A Data Availability Committee (DAC) is a permissioned group of trusted nodes that cryptographically attest to the availability of transaction data for a Layer 2 rollup. Instead of posting all transaction data directly to the Layer 1 (L1) blockchain, the rollup sequencer sends the data to the committee members. Each member signs a cryptographic attestation, often a BLS signature, confirming they have received and stored the data. This aggregated signature is then posted on-chain. If a user needs to challenge a state transition or reconstruct the chain's state, they can request the data from any honest committee member, relying on the committee's collective honesty to provide it.

DATA AVAILABILITY COMMITTEE (DAC)

Frequently Asked Questions (FAQ)

A Data Availability Committee (DAC) is a trusted group of entities responsible for ensuring data is available for blockchain scaling solutions. These questions address its role, security model, and comparison to other data availability methods.

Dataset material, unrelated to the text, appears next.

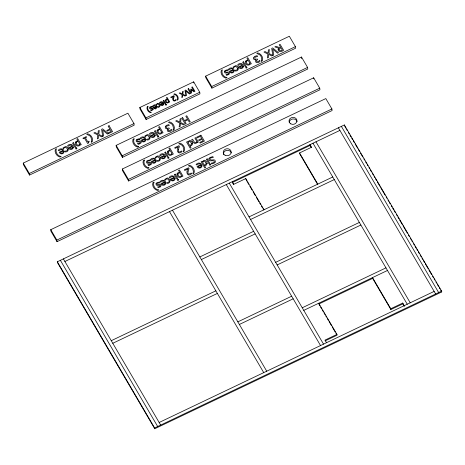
<?xml version="1.0" encoding="UTF-8"?>
<svg xmlns="http://www.w3.org/2000/svg" width="465" height="465" viewBox="0 0 465 465"><rect width="100%" height="100%" fill="white"/><g stroke="black" fill="none" stroke-linecap="round" stroke-linejoin="round"><path stroke-width="0.7" d="M134.065 138.82C132.554 142.133 135.175 146.004 138.599 146.568M147.98 106.502C146.847 108.99 148.812 111.891 151.381 112.315L150.614 112.722C148.161 112.053 146.353 109.356 147.173 106.845L147.963 106.473M144.359 160.111C142.848 163.424 145.469 167.295 148.899 167.859M153.979 182.193C152.474 185.506 155.095 189.377 158.519 189.941M91.256 142.075L91.681 139.884L90.937 137.268A6.452 5.673 -7.1 0 0 89.524 135.646L86.693 134.286L87.746 133.786C91.018 134.67 93.419 138.268 92.326 141.616L91.279 142.116M177.229 99.998L177.543 98.353L176.991 96.389A4.836 4.255 -7.1 0 0 175.927 95.174L173.805 94.151L174.59 93.779C177.049 94.442 178.851 97.139 178.031 99.65L177.246 100.027M173.061 130.142L173.486 127.951L172.748 125.335A6.452 5.673 -7.1 0 0 171.329 123.713L168.499 122.353L169.551 121.853C172.823 122.737 175.229 126.335 174.137 129.683L173.085 130.183M183.355 151.433L183.78 149.242L183.041 146.626A6.452 5.673 -7.1 0 0 181.623 145.004L178.793 143.644L179.845 143.144C183.117 144.028 185.523 147.626 184.431 150.974L183.379 151.474M192.981 173.515L193.405 171.323L192.661 168.708A6.452 5.673 -7.1 0 0 191.249 167.086L188.418 165.726L189.47 165.226C192.743 166.11 195.149 169.708 194.056 173.056L193.004 173.555M261.359 61.171L261.783 58.979L261.039 56.364A6.452 5.673 -7.1 0 0 259.627 54.742L256.796 53.382L257.848 52.882C261.121 53.766 263.527 57.369 262.434 60.712L261.382 61.211M156.414 105.061C158.024 101.62 161.361 107.525 157.414 106.764M152.845 106.758L154.467 105.567L155.862 106.334L153.2 107.601C158.187 112.739 157.495 100.981 152.45 106.165L152.811 106.776M136.995 139.361L139.378 138.675L139.866 139.512M23.25 163.093L127.892 113.21L133.972 123.597L134.17 125.184L29.527 175.061L23.448 164.674L23.25 163.093L29.33 173.48L29.527 175.061M139.849 107.508L193.661 81.857L199.747 92.244L199.944 93.831L146.126 119.482L140.046 109.095L139.849 107.508L145.929 117.895L146.126 119.482M205.623 76.155L289.335 36.253L295.415 46.639L295.612 48.226L211.901 88.129L205.821 77.742L205.623 76.155L211.703 86.542L211.901 88.129M61.008 156.548L59.956 157.048C56.689 156.159 54.277 152.567 55.37 149.219L56.422 148.713C54.963 152.061 57.52 155.932 60.985 156.507M226.92 77.638L225.874 78.137C222.601 77.248 220.195 73.656 221.288 70.308L222.334 69.808C220.881 73.15 223.438 77.027 226.897 77.603M29.33 173.48L133.972 123.597M145.929 117.895L199.747 92.244M211.703 86.542L295.415 46.639M116.134 145.388L301.494 57.026L307.574 67.413L307.772 69L122.411 157.356L116.331 146.969L116.134 145.388L122.214 155.769L122.411 157.356M134.042 138.779L132.99 139.279C131.897 142.627 134.304 146.219 137.576 147.109L138.622 146.609M122.214 155.769L307.574 67.413M122.318 169.01L313.66 77.8L319.74 88.187L319.937 89.774L128.596 180.984L122.516 170.597L122.318 169.01L128.398 179.397L128.596 180.984M144.336 160.07L143.284 160.57C142.191 163.918 144.598 167.51 147.87 168.4L148.922 167.9M128.398 179.397L319.74 88.187M50.766 229.687L325.82 98.574L331.9 108.961L332.097 110.548L57.044 241.661L50.964 231.274L50.766 229.687L56.846 240.074L57.044 241.661M153.956 182.152L152.909 182.652C151.817 186 154.223 189.592 157.495 190.481L158.542 189.982M56.846 240.074L331.9 108.961M57.346 261.766L344.356 124.951L441.651 291.142L441.75 291.933L154.74 428.747L57.445 262.556L57.346 261.766L154.642 427.957L154.74 428.747M64.897 261.487L339.898 130.398M317.537 184.28L299.658 153.741L299.559 152.95L311.521 147.248L309.998 144.65L310.097 145.446L232.366 182.495L232.268 181.705L233.79 184.303L245.747 178.601L263.992 209.762M249.042 216.888L332.754 176.985M250.559 219.486L334.271 179.577M199.84 256.947L253.652 231.297M201.357 259.546L255.175 233.889M111.263 340.688L215.853 290.834M275.646 262.33L359.358 222.427M112.78 343.286L217.37 293.427M277.163 264.928L360.875 225.019M237.842 321.867L291.66 296.211M239.365 324.46L293.177 298.809M302.25 307.772L385.962 267.869M303.767 310.37L387.479 270.461M318.816 304.034L372.634 278.384L372.535 277.588L390.774 308.748L390.873 309.545L402.835 303.843L402.737 303.046L390.774 308.748M318.717 303.244L336.962 334.405L325 340.101L326.523 342.699M325.099 340.897L337.061 335.195L336.962 334.405M159.152 422.482L434.153 291.392M154.642 427.957L441.651 291.142M150.747 110.007L152.131 109.816L152.683 109.217C152.107 108.054 148.986 109.961 149.585 107.555A1.645 1.447 -7.1 0 1 150.178 106.909L151.962 106.392L152.328 107.02M137.756 143.487L139.599 143.237L140.331 142.441C139.57 140.883 135.414 143.429 136.204 140.227A2.197 1.93 -7.1 0 1 136.995 139.361M148.056 164.779L149.893 164.529L150.625 163.732C149.869 162.175 145.708 164.72 146.498 161.518A2.197 1.93 -7.1 0 1 147.289 160.652L149.672 159.966L150.16 160.803M152.299 107.037L150.776 107.206L150.16 107.828C152.357 108.147 155.856 109.089 151.067 110.624L150.718 110.025M139.82 139.535L137.797 139.756L137.094 140.279L137.088 140.93L137.791 141.267L140.366 140.994L141.203 141.912L141.116 142.842L139.041 144.197L138.181 144.313L137.716 143.511M150.114 160.826L148.091 161.047L147.388 161.57L147.382 162.221L148.091 162.558L150.66 162.285L151.497 163.203L151.416 164.133L149.335 165.488L148.475 165.604L148.01 164.802M272.757 55.451L268.921 53.492L269.351 49.493L268.375 49.958L268.072 53.138L265.021 51.557L263.981 52.057L267.881 54.039L267.451 57.98L268.439 57.509L268.729 54.393L271.723 55.945L273.751 54.975L272.757 49.156L277.524 53.179L278.494 52.714L272.682 47.907L271.7 48.372L272.821 55.416M185.779 95.703L182.902 94.232L183.222 91.233L182.489 91.588L182.263 93.971L179.972 92.785L179.194 93.157L182.117 94.645L181.798 97.598L182.536 97.249L182.757 94.912L185 96.075L186.517 95.348L185.773 90.983L189.354 94L190.08 93.651L185.721 90.047L184.983 90.396L185.826 95.68M102.655 136.355L98.818 134.397L99.248 130.398L98.272 130.863L97.97 134.042L94.918 132.461L93.878 132.961L97.772 134.943L97.348 138.884L98.336 138.413L98.627 135.298L101.62 136.844L103.643 135.879L102.655 130.06L107.421 134.083L108.392 133.618L102.579 128.811L101.597 129.276L102.719 136.321M344.821 126.37L345.919 128.247M346.652 129.497L347.384 130.741M348.477 132.618L349.209 133.868M349.942 135.117L351.04 136.989M351.773 138.239L352.505 139.488M353.231 140.738L354.33 142.616M355.062 143.865L357.626 148.236M358.352 149.486L359.451 151.363M360.549 153.235L362.747 156.984M363.839 158.856L364.572 160.105M365.67 161.983L366.403 163.232M367.135 164.482L367.867 165.732M368.96 167.603L369.692 168.853M370.425 170.103L371.523 171.98M372.256 173.23L373.349 175.102M374.081 176.351L374.813 177.601M375.546 178.851L376.644 180.722M377.377 181.972L379.934 186.349M380.666 187.598L385.055 195.097M386.153 196.968L386.886 198.218M387.984 200.095L388.711 201.339M389.443 202.589L390.176 203.839M391.274 205.716L392.007 206.966M392.739 208.215L393.832 210.087M394.564 211.337L395.297 212.586M396.395 214.464L397.127 215.714M397.86 216.963L398.953 218.835M399.685 220.085L402.248 224.461M402.981 225.705L407.369 233.203M408.468 235.081L409.194 236.33M410.293 238.202L411.025 239.452M411.757 240.701L412.49 241.951M413.588 243.829L414.315 245.078M415.047 246.328L416.146 248.2M416.878 249.449L417.611 250.699M418.343 251.949L419.436 253.82M420.168 255.07L421.267 256.947M421.999 258.197L422.732 259.447M423.464 260.696L424.557 262.568M425.289 263.818L428.219 268.817M428.951 270.066L431.508 274.437M432.607 276.315L433.339 277.564M434.072 278.814L434.798 280.064M435.897 281.935L436.629 283.185M437.362 284.435L438.46 286.312M439.193 287.562L439.919 288.812M440.651 290.061L441.75 291.933M341.368 126.375L438.664 292.566M338.375 127.805L435.67 293.99M315.979 141.802L410.235 302.796M312.992 143.226L407.247 304.22M402.737 303.046L404.254 305.645M310.097 145.446L311.318 147.521M402.835 303.843L404.352 306.441M299.559 152.95L317.804 184.111M372.634 278.384L390.873 309.545M246.938 181.263L245.747 178.601M247.671 182.513L248.763 184.378M249.862 186.25L252.047 189.987M253.14 191.859L255.332 195.596M256.424 197.468L258.982 201.827M259.708 203.077L260.441 204.321M261.533 206.193L262.266 207.437M262.992 208.686L263.725 209.93M319.182 304.656L319.908 305.906M320.641 307.15L321.733 309.022M322.466 310.265L323.192 311.515M323.925 312.759L325.018 314.631M325.75 315.875L326.476 317.124M327.209 318.368L328.302 320.24M329.034 321.484L331.586 325.849M332.318 327.093L335.236 332.08M335.963 333.324L336.695 334.573M232.669 183.018L233.581 184.576M229.28 183.129L323.53 344.123M226.286 184.553L320.542 345.547M156.38 105.078L156.007 104.451L157.78 103.404A1.668 1.471 -7.1 0 1 158.885 103.596C161 104.602 160.047 107.717 157.745 107.415L157.379 106.787M172.474 210.209L266.73 371.204M169.487 211.633L263.736 372.628M63.374 258.889L160.669 425.08M60.386 260.319L157.681 426.504M344.356 124.951L344.455 125.748M313.66 77.8L313.788 78.858M301.494 57.026L301.692 58.613M193.661 81.857L193.795 82.915M223.52 154.642A3.976 3.499 -7.1 0 1 226.583 150.398A3.976 3.499 -7.1 0 1 231.291 152.973M289.218 122.376A3.976 3.499 -7.1 0 1 292.874 118.97A3.976 3.499 -7.1 0 1 297.065 121.621M165.29 126.881C164.418 129.439 169.039 128.259 167.237 129.863C167.022 132.624 170.853 131.798 171.818 130.136L171.323 129.299L169.917 130.63L168.568 130.712L168.109 129.671L169.359 128.572L168.969 127.91L167.429 128.375L166.522 127.712L166.679 126.137L169.312 125.445L168.818 124.608L166.255 125.405L165.29 126.881M253.588 57.91C252.71 60.467 257.337 59.288 255.535 60.892C255.32 63.653 259.15 62.827 260.115 61.165L259.621 60.328L258.215 61.659L256.866 61.74L256.407 60.7L257.656 59.601L257.267 58.939L255.727 59.404L254.82 58.741L254.977 57.166L257.61 56.474L257.116 55.637L254.547 56.439L253.588 57.91M208.832 158.972C208.628 162.878 213.522 159.129 214.429 161.564C214.563 163.849 209.872 162.047 211.645 163.976L214.737 162.837A2.441 2.151 -7.1 0 0 215.394 161.727C215.603 157.804 210.662 161.576 209.791 159.123C209.663 156.664 214.754 158.629 212.918 156.595L209.855 157.507L208.832 158.972M156.019 183.907C155.81 186.918 159.512 184.134 160.251 185.814L159.518 186.61L157.676 186.86L158.1 187.686L160.594 186.785L161.123 185.285L160.286 184.367L157.711 184.64L157.007 184.303L157.013 183.652L157.716 183.129L159.739 182.908L159.297 182.048L156.914 182.733A2.197 1.93 -7.1 0 0 156.124 183.599L156.019 183.907M224.397 71.564C224.188 74.574 227.891 71.79 228.629 73.47L227.897 74.266L226.054 74.522L226.478 75.342L228.972 74.447L229.501 72.947L228.664 72.023L226.089 72.296L225.386 71.959L225.391 71.308L226.095 70.785L228.117 70.564L227.67 69.704L225.293 70.395A2.197 1.93 -7.1 0 0 224.502 71.255L224.397 71.564M76.196 142.679C75.841 144.789 78.899 146.446 79.736 143.981L78.26 141.465L76.987 141.755L76.196 142.679M158.001 130.746C157.647 132.851 160.704 134.513 161.541 132.048L160.07 129.532L158.792 129.822L158.001 130.746M165.929 100.446L166.929 102.3A0.773 0.68 -7.1 0 0 167.563 102.376L168.586 101.428L167.481 99.539L166.522 99.754L165.929 100.446M168.295 152.038C167.941 154.142 170.998 155.804 171.841 153.34L170.364 150.823L169.086 151.113L168.295 152.038M177.921 174.119C177.566 176.223 180.623 177.886 181.46 175.421L179.99 172.904L178.711 173.195L177.921 174.119M246.299 61.775C245.944 63.885 249.002 65.542 249.839 63.083L248.368 60.56L247.089 60.857L246.299 61.775M191.638 143.726L191.127 144.795L189.557 145.272L188.058 142.709L189.412 141.465A1.058 0.93 -7.1 0 1 190.266 141.558L191.638 143.726M206.198 163.453L205.687 164.523L204.123 164.999L202.624 162.436L203.972 161.192A1.058 0.93 -7.1 0 1 204.833 161.285L206.198 163.453M180.432 123.365L180.141 126.48L179.159 126.951L179.583 123.01L175.683 121.022L176.723 120.528L179.775 122.109L180.077 118.93L181.059 118.465L180.623 122.458L184.46 124.417L183.425 124.911L180.432 123.365M278.122 49.441C277.965 52.615 282.092 51.673 283.592 50.284L280.122 44.361L279.215 44.791L280.593 47.151L279.558 47.639L276.018 46.32L274.838 46.878L278.779 48.302L278.122 49.441M67.483 149.654C67.89 151.788 63.769 150.288 65.28 151.968C68.349 152.375 69.622 148.219 66.797 146.882A2.226 1.959 -7.1 0 0 65.321 146.62L62.967 148.015L63.461 148.852L64.28 147.818L65.687 147.417L66.879 148.184L67.483 149.654M149.288 137.721C149.695 139.86 145.499 138.378 147.091 140.035C150.154 140.442 151.433 136.28 148.608 134.949A2.226 1.959 -7.1 0 0 147.132 134.687L144.772 136.082L145.266 136.919L146.086 135.885L147.492 135.484L148.69 136.251L149.288 137.721M159.582 159.013C159.989 161.152 155.792 159.669 157.385 161.326C160.448 161.733 161.727 157.571 158.902 156.24A2.226 1.959 -7.1 0 0 157.426 155.978L155.066 157.373L155.56 158.21L156.38 157.176L157.786 156.775L158.983 157.542L159.582 159.013M169.208 181.094C169.615 183.233 165.418 181.751 167.011 183.408C170.074 183.815 171.347 179.653 168.528 178.322A2.226 1.959 -7.1 0 0 167.051 178.06L164.691 179.455L165.185 180.292L166.005 179.257L167.412 178.856L168.609 179.624L169.208 181.094M237.586 68.75C237.993 70.889 233.796 69.407 235.383 71.064C238.452 71.471 239.725 67.315 236.9 65.978A2.226 1.959 -7.1 0 0 235.424 65.722L233.07 67.111L233.564 67.948L234.383 66.914L235.79 66.512L236.981 67.28L237.586 68.75M75.289 142.552C74.569 145.318 78.899 147.783 80.102 144.615L80.375 145.08L81.241 144.667L77.678 138.582L76.818 138.994L77.905 140.854L76.028 141.407L75.289 142.552M157.094 130.613C156.374 133.385 160.704 135.85 161.913 132.682L162.186 133.147L163.046 132.734L159.483 126.649L158.623 127.061L159.71 128.921L157.833 129.473L157.094 130.613M165.249 100.347C164.709 102.428 167.958 104.276 168.865 101.899L169.068 102.248L169.713 101.94L167.045 97.377L166.394 97.685L167.214 99.08L165.807 99.493L165.249 100.347M167.388 151.904C166.668 154.676 171.004 157.141 172.207 153.973L172.48 154.438L173.34 154.025L169.777 147.94L168.917 148.352L170.004 150.212L168.127 150.765L167.388 151.904M177.014 173.986C176.293 176.758 180.623 179.223 181.832 176.055L182.106 176.52L182.966 176.107L179.403 170.021L178.543 170.434L179.63 172.294L177.752 172.846L177.014 173.986M245.392 61.647C244.671 64.414 249.002 66.879 250.211 63.711L250.478 64.176L251.344 63.763L247.781 57.677L246.921 58.09L248.008 59.95L246.13 60.502L245.392 61.647M63.269 151.66C63.362 153.148 61.02 153.851 60.398 152.392L63.106 151.102L63.269 151.66M72.534 147.242C72.633 148.73 70.291 149.434 69.669 147.975L72.371 146.684L72.534 147.242M145.074 139.727C145.167 141.215 142.831 141.918 142.203 140.459L144.911 139.169L145.074 139.727M156.234 107.183L155.322 108.304L154.084 107.735L156.112 106.764L156.234 107.183M154.345 135.309C154.438 136.797 152.096 137.501 151.474 136.042L154.182 134.751L154.345 135.309M155.368 161.018C155.461 162.506 153.125 163.209 152.497 161.75L155.205 160.46L155.368 161.018M163.186 103.869L162.273 104.991L161.035 104.422L163.064 103.451L163.186 103.869M164.639 156.6C164.732 158.088 162.395 158.792 161.768 157.333L164.476 156.042L164.639 156.6M164.994 183.1C165.087 184.588 162.75 185.291 162.122 183.832L164.831 182.542L164.994 183.1M174.259 178.682C174.358 180.17 172.015 180.873 171.393 179.414L174.102 178.124L174.259 178.682M201.113 165.883C201.206 167.371 198.869 168.074 198.241 166.615L200.95 165.325L201.113 165.883M233.372 70.756C233.465 72.244 231.128 72.947 230.501 71.488L233.209 70.198L233.372 70.756M242.637 66.338C242.736 67.826 240.393 68.529 239.771 67.07L242.48 65.78L242.637 66.338M88.257 142.54L88.356 143.197L87.641 143.534L84.514 138.192L83.305 138.768L82.95 138.163L86.281 136.582L86.635 137.187L85.397 137.774L87.722 141.744L88.96 141.157L89.274 141.697L88.257 142.54M173.457 98.702C172.748 100.58 175.305 101.033 175.88 99.388L176.287 99.998C173.811 103.166 171.12 98.847 173.555 96.499L171.039 97.697L170.736 97.185L173.898 95.68L174.265 96.307L173.457 98.702M178.333 149.707C177.781 155.048 181.67 149.422 182.106 151.439C178.391 155.682 175.532 150.143 178.455 146.771L175.102 148.37L174.706 147.69L178.915 145.679L179.403 146.516L178.333 149.707M187.959 171.788C187.407 177.13 191.295 171.504 191.731 173.521C188.017 177.764 185.157 172.224 188.081 168.853L184.727 170.452L184.332 169.772L188.54 167.766L189.028 168.597L187.959 171.788M192.586 143.772L191.772 145.347A2.61 2.296 -7.1 0 1 189.923 145.894L191.051 147.818L190.191 148.23L186.564 142.034L187.424 141.627L187.691 142.081L189.307 140.622A1.848 1.622 -7.1 0 1 190.604 140.709L192.138 142.18L192.586 143.772M207.146 163.5L206.332 165.075A2.61 2.296 -7.1 0 1 204.484 165.621L205.611 167.545L204.751 167.958L201.13 161.762L201.99 161.355L202.252 161.808L203.868 160.344A1.848 1.622 -7.1 0 1 205.17 160.437L206.704 161.907L207.146 163.5M64.112 151.718C63.943 154.281 59.944 154.764 59.224 152.218L62.769 150.532C61.52 147.486 58.817 152.09 58.224 150.3C59.816 147.794 64.199 148.451 64.112 151.718M73.383 147.3C73.208 149.864 69.215 150.346 68.495 147.8L72.04 146.109C70.79 143.069 68.082 147.667 67.489 145.882C69.082 143.377 73.47 144.034 73.383 147.3M145.923 139.785C145.748 142.348 141.749 142.831 141.029 140.285L144.574 138.599C143.325 135.553 140.622 140.151 140.029 138.367C141.622 135.861 146.004 136.518 145.923 139.785M155.188 135.367C155.019 137.925 151.02 138.413 150.3 135.867L153.845 134.176C152.596 131.136 149.887 135.734 149.3 133.949C150.893 131.444 155.275 132.101 155.188 135.367M163.825 103.916C163.692 105.834 160.692 106.194 160.152 104.288L162.814 103.021L161.692 102.248L160.454 102.672L159.797 103.445L159.402 102.846C160.599 100.969 163.889 101.463 163.825 103.916M156.217 161.076C156.042 163.639 152.043 164.122 151.323 161.576L154.868 159.884C153.624 156.845 150.916 161.442 150.323 159.658C151.916 157.153 156.304 157.809 156.217 161.076M165.482 156.659C165.313 159.216 161.314 159.704 160.594 157.158L164.139 155.467C162.89 152.427 160.187 157.025 159.594 155.24C161.186 152.735 165.569 153.392 165.482 156.659M165.842 183.158C165.668 185.721 161.669 186.203 160.948 183.658L164.494 181.972C163.244 178.926 160.541 183.524 159.948 181.739C161.541 179.234 165.924 179.891 165.842 183.158M175.107 178.74C174.933 181.298 170.94 181.786 170.219 179.24L173.765 177.549C172.515 174.509 169.806 179.106 169.219 177.322C170.812 174.817 175.195 175.474 175.107 178.74M201.961 165.941C201.787 168.499 197.788 168.987 197.067 166.441L200.613 164.75C199.369 161.71 196.66 166.307 196.067 164.523C197.66 162.018 202.048 162.674 201.961 165.941M234.221 70.814C234.046 73.377 230.047 73.859 229.326 71.319L232.872 69.628C231.622 66.582 228.919 71.186 228.327 69.395C229.919 66.89 234.302 67.547 234.221 70.814M243.486 66.396C243.311 68.96 239.318 69.442 238.597 66.896L242.143 65.21C240.893 62.165 238.185 66.762 237.592 64.978C239.184 62.473 243.573 63.13 243.486 66.396M279.128 49.081C278.68 51.08 281.232 51.104 282.29 50.04L280.976 47.808L279.128 49.081M197.189 142.028C195.724 145.528 191.865 142.139 191.714 139.581L192.574 139.169L194.428 142.255L195.503 142.679A1.651 1.453 -7.1 0 0 196.381 142.098L196.817 141.395L194.876 138.076L195.736 137.663L198.34 142.11L197.48 142.517L197.189 142.028M73.429 142.703L72.569 143.115L75.173 147.562L76.033 147.149L73.429 142.703M109.089 125.707L108.182 126.137L109.85 128.991L106.811 130.444L107.217 131.142L110.263 129.694L111.24 131.363L108.066 132.88L108.473 133.577L112.559 131.63L109.089 125.707M243.532 61.799L242.672 62.211L245.276 66.658L246.136 66.245L243.532 61.799M163.86 100.463L163.215 100.771L165.162 104.108L165.813 103.8L163.86 100.463M188.651 88.646L187.97 88.972L190.569 93.419L191.516 92.965L191.301 89.902L194.027 91.768L194.957 91.326L192.353 86.885L191.72 87.188L193.957 91.018L191.109 89.042L190.697 89.239L190.894 92.477L188.651 88.646M166.179 104.334L165.447 104.689L165.79 105.27L166.522 104.921L166.179 104.334M76.527 147.864L75.551 148.335L76.004 149.108L76.981 148.643L76.527 147.864M246.63 66.96L245.654 67.431L246.107 68.204L247.089 67.739L246.63 66.96M155.24 130.77L154.374 131.182L156.978 135.629L157.838 135.216L155.24 130.77M182.693 117.686L181.786 118.116L185.256 124.039L186.163 123.609L184.803 121.284L187.941 119.79L189.302 122.115L190.208 121.679L186.738 115.756L185.831 116.186L187.529 119.087L184.39 120.586L182.693 117.686M158.338 135.931L157.356 136.396L157.809 137.175L158.792 136.71L158.338 135.931M165.534 152.061L164.674 152.474L167.272 156.92L168.132 156.507L165.534 152.061M200.932 135.187L196.666 137.222L197.079 137.919L200.432 136.321L201.723 138.518L198.596 140.012L199.003 140.715L202.136 139.221L203.083 140.843L199.723 142.447L200.136 143.144L204.402 141.11L200.932 135.187M168.632 157.222L167.65 157.687L168.103 158.466L169.086 158.001L168.632 157.222M175.16 174.143L174.294 174.555L176.898 179.002L177.758 178.589L175.16 174.143M207.192 158.873L206.332 159.28L208.936 163.727L209.796 163.32L207.192 158.873M178.252 179.304L177.275 179.769L177.729 180.548L178.711 180.083L178.252 179.304M210.29 164.035L209.308 164.5L209.767 165.278L210.744 164.808L210.29 164.035M225.043 155.223A3.976 3.499 -7.1 0 0 231.175 152.299A3.976 3.499 -7.1 0 0 225.409 149.149A3.976 3.499 -7.1 0 0 225.043 155.223M290.817 123.864A3.976 3.499 -7.1 0 0 296.949 120.947A3.976 3.499 -7.1 0 0 291.183 117.796A3.976 3.499 -7.1 0 0 290.817 123.864"/></g></svg>

A Data Availability Committee (DAC) is a permissioned group of known, reputable entities that cryptographically attest to the availability of transaction data for a Layer 2 (L2) or sidechain rollup. It works by having the rollup's sequencer send the data for a new batch of transactions to each DAC member. The members store the data and return a signed attestation, often a BLS signature, confirming they have received and can serve the data. This collective signature is then posted to the parent chain (like Ethereum) as proof that the data is available for anyone to reconstruct the rollup's state, enabling secure withdrawals and fraud proofs without publishing all data directly on-chain.